## Action item
Below are the records; copy each line in which "before" can be found.

## Provided material
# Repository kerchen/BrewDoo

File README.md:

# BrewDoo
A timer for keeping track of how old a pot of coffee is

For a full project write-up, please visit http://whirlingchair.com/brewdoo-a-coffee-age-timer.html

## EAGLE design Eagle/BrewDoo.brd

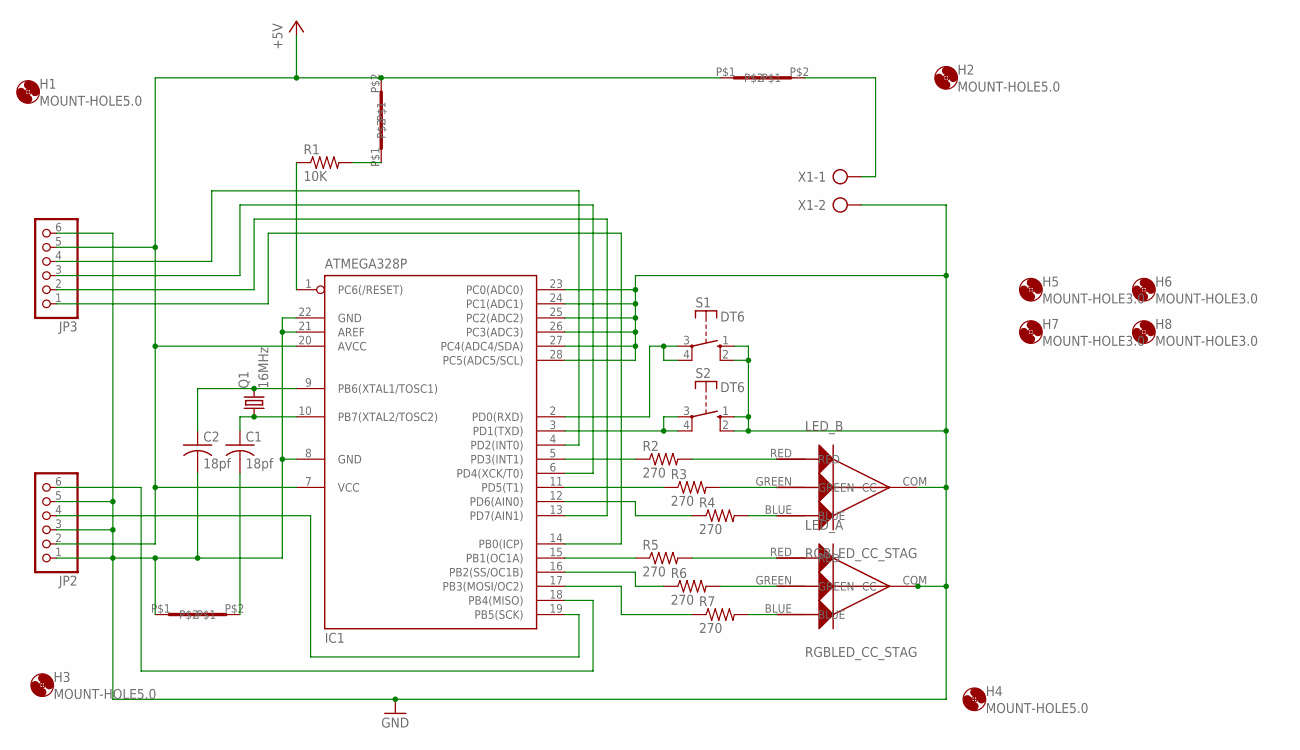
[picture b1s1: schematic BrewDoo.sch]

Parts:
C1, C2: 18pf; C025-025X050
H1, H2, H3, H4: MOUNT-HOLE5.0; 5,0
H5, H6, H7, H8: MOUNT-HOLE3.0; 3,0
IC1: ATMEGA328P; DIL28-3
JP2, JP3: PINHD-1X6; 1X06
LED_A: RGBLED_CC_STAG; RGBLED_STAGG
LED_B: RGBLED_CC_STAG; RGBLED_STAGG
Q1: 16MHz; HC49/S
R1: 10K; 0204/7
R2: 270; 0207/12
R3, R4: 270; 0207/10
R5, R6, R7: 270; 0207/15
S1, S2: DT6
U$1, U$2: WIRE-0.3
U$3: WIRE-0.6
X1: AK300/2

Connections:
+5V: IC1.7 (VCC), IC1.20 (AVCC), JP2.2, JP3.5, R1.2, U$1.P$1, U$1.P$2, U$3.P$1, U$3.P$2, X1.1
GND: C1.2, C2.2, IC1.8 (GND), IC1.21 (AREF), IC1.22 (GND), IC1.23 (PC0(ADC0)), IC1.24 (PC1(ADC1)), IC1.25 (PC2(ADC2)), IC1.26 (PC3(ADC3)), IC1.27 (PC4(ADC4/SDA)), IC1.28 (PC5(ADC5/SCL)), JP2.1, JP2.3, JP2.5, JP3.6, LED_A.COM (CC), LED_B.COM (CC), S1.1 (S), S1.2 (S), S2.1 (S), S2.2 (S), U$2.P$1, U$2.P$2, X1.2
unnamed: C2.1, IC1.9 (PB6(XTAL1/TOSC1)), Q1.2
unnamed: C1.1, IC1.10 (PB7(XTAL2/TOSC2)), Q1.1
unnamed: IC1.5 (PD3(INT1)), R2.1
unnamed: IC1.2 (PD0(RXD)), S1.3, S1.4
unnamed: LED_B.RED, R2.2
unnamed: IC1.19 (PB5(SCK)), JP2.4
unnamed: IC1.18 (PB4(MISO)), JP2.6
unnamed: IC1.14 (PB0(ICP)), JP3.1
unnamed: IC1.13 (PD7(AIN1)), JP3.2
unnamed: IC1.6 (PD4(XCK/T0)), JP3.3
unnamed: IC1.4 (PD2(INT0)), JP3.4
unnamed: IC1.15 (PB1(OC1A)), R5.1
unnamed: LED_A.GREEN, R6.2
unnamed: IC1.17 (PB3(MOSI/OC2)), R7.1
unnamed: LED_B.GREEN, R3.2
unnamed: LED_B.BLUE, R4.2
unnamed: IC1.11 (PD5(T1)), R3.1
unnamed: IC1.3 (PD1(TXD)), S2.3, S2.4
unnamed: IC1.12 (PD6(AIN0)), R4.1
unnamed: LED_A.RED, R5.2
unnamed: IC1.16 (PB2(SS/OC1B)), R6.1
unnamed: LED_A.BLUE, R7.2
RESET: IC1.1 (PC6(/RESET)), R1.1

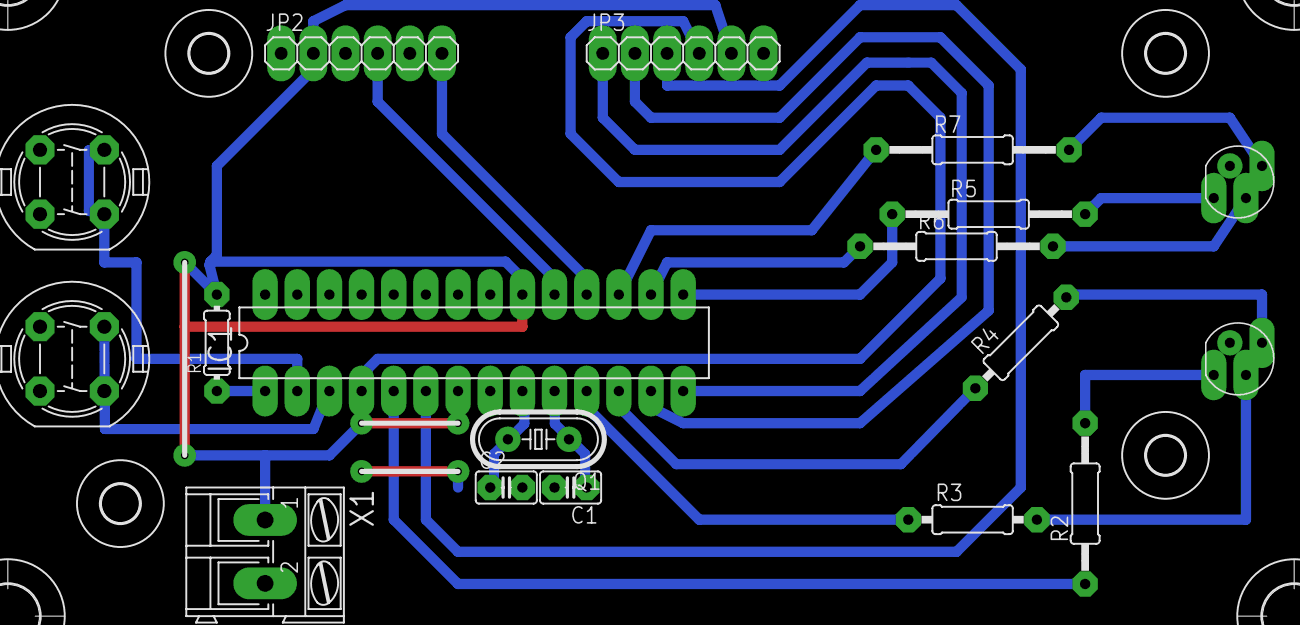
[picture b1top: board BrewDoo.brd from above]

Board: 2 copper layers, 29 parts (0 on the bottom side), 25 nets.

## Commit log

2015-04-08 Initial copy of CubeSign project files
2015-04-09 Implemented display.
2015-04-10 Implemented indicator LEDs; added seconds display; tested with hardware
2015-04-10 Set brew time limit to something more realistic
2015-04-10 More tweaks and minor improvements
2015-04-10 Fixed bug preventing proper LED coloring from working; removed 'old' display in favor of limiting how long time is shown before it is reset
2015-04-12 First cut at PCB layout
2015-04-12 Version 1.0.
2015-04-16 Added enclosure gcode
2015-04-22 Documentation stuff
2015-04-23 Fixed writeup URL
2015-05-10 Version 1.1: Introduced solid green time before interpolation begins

## Finished task
2015-04-10 Fixed bug preventing proper LED coloring from working; removed 'old' display in favor of limiting how long time is shown before it is reset
2015-05-10 Version 1.1: Introduced solid green time before interpolation begins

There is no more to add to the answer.